┌──

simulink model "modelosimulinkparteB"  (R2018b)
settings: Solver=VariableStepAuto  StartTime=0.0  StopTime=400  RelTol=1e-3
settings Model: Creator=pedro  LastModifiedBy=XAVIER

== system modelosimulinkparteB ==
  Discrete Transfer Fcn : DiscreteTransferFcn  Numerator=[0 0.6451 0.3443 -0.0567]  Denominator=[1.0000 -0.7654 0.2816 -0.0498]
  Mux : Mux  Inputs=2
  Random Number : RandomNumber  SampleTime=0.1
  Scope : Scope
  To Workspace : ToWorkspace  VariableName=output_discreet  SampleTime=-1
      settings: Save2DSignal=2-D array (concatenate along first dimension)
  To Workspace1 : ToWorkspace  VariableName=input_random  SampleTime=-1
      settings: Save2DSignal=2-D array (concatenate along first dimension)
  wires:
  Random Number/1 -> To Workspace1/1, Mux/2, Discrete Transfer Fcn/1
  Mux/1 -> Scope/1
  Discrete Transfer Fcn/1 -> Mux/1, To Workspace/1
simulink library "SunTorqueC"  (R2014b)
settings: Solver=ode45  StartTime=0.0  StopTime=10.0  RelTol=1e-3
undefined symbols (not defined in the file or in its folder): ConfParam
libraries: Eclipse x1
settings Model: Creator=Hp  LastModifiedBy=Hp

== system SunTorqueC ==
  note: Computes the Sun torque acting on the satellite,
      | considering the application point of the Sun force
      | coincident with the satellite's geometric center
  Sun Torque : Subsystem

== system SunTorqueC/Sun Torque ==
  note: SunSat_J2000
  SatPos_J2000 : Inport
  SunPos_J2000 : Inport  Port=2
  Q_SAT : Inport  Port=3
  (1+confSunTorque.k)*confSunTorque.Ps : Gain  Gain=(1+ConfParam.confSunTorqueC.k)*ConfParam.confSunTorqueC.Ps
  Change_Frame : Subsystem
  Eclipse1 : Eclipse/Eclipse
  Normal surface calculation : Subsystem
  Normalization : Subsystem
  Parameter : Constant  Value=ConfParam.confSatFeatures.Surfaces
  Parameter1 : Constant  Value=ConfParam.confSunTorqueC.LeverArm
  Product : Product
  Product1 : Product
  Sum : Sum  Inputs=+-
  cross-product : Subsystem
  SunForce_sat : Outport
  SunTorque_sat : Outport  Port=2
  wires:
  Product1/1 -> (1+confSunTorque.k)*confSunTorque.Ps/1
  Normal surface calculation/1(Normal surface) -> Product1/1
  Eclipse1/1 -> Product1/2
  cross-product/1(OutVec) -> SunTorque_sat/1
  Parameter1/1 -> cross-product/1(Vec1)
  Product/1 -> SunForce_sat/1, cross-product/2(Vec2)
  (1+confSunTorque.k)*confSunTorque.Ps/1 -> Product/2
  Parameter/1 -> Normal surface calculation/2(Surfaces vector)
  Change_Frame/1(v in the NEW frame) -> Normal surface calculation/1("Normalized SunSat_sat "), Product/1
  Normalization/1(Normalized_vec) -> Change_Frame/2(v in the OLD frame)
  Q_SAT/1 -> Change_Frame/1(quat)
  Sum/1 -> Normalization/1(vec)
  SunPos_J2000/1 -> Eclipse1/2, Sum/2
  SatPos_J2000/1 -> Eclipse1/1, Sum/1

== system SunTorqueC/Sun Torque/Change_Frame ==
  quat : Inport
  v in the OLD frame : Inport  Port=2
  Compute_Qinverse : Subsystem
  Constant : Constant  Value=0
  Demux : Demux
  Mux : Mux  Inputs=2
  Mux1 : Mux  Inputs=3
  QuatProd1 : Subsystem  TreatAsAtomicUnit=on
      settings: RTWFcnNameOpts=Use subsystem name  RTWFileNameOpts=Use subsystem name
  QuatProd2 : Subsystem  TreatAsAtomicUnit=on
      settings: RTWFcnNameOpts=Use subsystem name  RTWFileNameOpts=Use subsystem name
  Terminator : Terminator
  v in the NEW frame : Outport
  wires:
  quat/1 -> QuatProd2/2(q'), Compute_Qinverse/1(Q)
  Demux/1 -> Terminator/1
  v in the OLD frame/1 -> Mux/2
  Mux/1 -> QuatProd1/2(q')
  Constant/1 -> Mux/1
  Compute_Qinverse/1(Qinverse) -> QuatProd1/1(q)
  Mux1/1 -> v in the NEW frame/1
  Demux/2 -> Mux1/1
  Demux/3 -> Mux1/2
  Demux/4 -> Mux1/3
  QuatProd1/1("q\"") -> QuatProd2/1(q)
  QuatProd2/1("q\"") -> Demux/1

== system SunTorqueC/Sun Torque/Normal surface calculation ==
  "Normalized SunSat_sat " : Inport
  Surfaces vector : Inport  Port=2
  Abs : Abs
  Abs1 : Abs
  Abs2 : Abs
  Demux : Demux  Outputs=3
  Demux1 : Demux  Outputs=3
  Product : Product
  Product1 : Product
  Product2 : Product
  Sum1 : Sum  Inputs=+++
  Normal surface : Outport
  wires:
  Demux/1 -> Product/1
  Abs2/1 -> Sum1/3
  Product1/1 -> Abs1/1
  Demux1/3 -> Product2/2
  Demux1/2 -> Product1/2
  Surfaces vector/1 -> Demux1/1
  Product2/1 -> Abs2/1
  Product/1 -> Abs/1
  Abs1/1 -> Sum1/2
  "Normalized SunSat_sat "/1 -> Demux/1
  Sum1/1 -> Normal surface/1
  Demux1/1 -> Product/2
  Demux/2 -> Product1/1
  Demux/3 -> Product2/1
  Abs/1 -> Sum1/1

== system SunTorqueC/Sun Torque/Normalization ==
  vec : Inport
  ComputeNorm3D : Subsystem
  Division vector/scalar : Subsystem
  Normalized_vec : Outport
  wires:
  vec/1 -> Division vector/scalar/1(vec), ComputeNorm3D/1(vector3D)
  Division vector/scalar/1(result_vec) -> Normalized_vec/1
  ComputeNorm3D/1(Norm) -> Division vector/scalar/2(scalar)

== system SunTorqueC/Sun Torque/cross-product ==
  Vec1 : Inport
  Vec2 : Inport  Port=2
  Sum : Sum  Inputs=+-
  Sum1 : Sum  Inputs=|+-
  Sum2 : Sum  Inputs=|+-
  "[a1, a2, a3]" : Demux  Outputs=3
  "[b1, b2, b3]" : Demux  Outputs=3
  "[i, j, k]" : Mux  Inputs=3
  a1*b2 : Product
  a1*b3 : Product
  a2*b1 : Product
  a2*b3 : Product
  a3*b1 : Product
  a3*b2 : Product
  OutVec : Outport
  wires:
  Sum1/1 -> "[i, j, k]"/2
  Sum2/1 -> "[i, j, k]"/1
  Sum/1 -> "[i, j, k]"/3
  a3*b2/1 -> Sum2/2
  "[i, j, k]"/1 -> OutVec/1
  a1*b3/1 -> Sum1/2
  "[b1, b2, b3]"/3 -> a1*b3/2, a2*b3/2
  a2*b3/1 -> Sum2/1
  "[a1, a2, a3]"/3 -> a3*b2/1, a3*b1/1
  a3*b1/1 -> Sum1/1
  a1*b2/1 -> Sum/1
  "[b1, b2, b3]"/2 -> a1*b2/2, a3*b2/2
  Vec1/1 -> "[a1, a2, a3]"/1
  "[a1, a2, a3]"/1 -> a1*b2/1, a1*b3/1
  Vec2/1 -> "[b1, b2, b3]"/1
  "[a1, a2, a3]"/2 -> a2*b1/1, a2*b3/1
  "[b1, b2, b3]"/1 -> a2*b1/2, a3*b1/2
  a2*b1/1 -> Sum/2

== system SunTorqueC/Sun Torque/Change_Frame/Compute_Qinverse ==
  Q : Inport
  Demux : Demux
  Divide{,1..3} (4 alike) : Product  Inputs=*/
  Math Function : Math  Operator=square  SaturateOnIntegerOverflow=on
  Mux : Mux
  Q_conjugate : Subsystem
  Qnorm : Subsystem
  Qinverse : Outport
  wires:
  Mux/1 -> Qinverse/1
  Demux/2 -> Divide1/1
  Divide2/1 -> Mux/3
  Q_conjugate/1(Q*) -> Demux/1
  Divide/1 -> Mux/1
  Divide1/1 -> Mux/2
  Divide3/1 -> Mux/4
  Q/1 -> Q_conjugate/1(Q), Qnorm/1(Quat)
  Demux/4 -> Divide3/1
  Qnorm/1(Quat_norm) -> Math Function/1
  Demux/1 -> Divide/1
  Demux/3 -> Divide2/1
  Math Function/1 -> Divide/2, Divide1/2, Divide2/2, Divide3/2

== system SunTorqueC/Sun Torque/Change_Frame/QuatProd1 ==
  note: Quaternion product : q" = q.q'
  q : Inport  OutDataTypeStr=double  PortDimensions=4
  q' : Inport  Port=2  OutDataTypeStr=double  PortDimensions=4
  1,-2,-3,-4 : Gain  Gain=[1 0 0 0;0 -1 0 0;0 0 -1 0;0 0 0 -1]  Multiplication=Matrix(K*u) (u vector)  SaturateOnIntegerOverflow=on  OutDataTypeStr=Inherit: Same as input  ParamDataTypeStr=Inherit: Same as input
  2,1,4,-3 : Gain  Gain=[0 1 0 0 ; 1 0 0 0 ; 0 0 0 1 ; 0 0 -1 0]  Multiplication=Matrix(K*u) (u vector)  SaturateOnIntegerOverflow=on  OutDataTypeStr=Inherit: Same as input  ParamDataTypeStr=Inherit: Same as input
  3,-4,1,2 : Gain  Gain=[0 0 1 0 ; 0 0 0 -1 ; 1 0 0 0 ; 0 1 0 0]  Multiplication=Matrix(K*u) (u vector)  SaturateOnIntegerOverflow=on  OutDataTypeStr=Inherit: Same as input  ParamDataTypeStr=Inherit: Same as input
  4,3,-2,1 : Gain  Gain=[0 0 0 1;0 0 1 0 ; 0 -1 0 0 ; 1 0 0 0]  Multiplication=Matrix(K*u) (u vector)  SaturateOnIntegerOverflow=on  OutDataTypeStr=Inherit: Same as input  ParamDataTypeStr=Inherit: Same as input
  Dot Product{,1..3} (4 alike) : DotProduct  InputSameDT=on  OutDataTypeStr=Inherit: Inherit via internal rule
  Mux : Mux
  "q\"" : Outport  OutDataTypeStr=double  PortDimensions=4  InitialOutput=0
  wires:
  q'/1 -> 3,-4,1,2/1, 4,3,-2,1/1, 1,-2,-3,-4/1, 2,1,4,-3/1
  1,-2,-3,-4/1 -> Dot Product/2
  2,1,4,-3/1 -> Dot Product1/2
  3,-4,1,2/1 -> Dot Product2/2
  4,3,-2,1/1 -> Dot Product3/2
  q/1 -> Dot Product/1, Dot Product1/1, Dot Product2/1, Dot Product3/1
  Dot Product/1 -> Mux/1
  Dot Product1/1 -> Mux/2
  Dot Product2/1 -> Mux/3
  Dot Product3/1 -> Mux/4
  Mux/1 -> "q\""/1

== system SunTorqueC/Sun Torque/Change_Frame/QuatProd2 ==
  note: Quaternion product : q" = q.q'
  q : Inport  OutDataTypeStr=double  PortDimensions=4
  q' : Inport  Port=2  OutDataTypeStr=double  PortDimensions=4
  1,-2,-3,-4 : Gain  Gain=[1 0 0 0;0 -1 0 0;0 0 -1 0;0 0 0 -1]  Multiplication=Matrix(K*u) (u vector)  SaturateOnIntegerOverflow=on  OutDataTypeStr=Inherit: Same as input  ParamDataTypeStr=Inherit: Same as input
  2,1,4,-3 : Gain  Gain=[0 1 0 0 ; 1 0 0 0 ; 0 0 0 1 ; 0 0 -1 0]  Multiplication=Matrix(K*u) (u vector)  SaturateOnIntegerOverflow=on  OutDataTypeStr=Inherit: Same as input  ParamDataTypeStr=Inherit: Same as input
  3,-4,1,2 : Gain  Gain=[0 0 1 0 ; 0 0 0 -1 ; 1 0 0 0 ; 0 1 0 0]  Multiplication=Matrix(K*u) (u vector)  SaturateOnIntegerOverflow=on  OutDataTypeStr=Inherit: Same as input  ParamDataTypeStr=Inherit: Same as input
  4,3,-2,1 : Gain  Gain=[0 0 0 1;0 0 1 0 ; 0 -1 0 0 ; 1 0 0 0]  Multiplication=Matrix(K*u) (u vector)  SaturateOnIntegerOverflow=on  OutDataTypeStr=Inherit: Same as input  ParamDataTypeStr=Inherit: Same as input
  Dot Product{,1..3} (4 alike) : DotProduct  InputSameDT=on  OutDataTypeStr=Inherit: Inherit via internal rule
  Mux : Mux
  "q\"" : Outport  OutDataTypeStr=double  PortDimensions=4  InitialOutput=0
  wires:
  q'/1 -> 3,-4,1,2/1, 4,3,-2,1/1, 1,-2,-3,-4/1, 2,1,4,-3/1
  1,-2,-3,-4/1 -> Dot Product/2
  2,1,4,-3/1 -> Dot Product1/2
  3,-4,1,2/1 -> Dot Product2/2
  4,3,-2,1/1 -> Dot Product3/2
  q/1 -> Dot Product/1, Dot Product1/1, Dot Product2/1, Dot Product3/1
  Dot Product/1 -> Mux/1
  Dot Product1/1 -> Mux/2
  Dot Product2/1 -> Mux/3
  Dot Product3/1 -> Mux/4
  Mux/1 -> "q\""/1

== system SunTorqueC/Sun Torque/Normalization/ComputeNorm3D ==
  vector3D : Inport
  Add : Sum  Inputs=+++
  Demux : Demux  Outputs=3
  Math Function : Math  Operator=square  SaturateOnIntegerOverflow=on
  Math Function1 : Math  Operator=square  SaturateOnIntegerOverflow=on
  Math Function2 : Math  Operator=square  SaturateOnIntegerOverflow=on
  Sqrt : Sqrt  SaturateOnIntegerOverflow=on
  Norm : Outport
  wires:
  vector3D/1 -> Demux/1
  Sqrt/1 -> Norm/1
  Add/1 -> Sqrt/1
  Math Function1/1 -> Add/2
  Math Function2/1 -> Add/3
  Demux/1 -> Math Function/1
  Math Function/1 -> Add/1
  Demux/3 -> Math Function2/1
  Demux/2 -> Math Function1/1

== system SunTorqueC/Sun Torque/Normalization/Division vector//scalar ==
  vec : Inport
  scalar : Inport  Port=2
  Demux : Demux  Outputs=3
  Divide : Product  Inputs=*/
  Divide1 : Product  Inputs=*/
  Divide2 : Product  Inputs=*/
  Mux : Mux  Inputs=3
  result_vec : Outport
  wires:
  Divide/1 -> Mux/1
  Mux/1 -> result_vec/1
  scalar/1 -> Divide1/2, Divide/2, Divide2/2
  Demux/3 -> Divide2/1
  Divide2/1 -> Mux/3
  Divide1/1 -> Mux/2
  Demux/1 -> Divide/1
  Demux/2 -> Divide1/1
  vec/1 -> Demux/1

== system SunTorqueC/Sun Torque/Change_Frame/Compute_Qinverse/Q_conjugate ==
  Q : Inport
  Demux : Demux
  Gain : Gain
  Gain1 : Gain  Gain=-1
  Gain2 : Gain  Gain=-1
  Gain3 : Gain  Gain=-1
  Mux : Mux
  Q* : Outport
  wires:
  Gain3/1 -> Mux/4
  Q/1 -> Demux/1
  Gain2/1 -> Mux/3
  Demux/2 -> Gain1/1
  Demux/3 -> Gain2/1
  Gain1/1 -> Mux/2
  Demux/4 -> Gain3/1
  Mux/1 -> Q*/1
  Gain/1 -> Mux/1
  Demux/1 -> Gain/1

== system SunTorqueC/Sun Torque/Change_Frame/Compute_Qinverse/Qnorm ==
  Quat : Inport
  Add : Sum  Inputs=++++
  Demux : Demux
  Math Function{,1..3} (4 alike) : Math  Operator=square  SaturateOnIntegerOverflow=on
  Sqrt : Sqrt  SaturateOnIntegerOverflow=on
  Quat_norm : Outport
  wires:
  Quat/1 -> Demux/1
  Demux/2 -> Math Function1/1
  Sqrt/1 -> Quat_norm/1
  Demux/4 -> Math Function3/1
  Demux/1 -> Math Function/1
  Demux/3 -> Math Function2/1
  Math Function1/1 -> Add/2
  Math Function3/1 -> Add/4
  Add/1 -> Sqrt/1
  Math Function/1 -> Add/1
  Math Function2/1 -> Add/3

└──

* EXERCISE REQUIREMENTS: Extract every line of the records above that contains the word "RelTol".

* OUTPUT FOR THIS EXERCISE:
settings: Solver=VariableStepAuto  StartTime=0.0  StopTime=400  RelTol=1e-3
settings: Solver=ode45  StartTime=0.0  StopTime=10.0  RelTol=1e-3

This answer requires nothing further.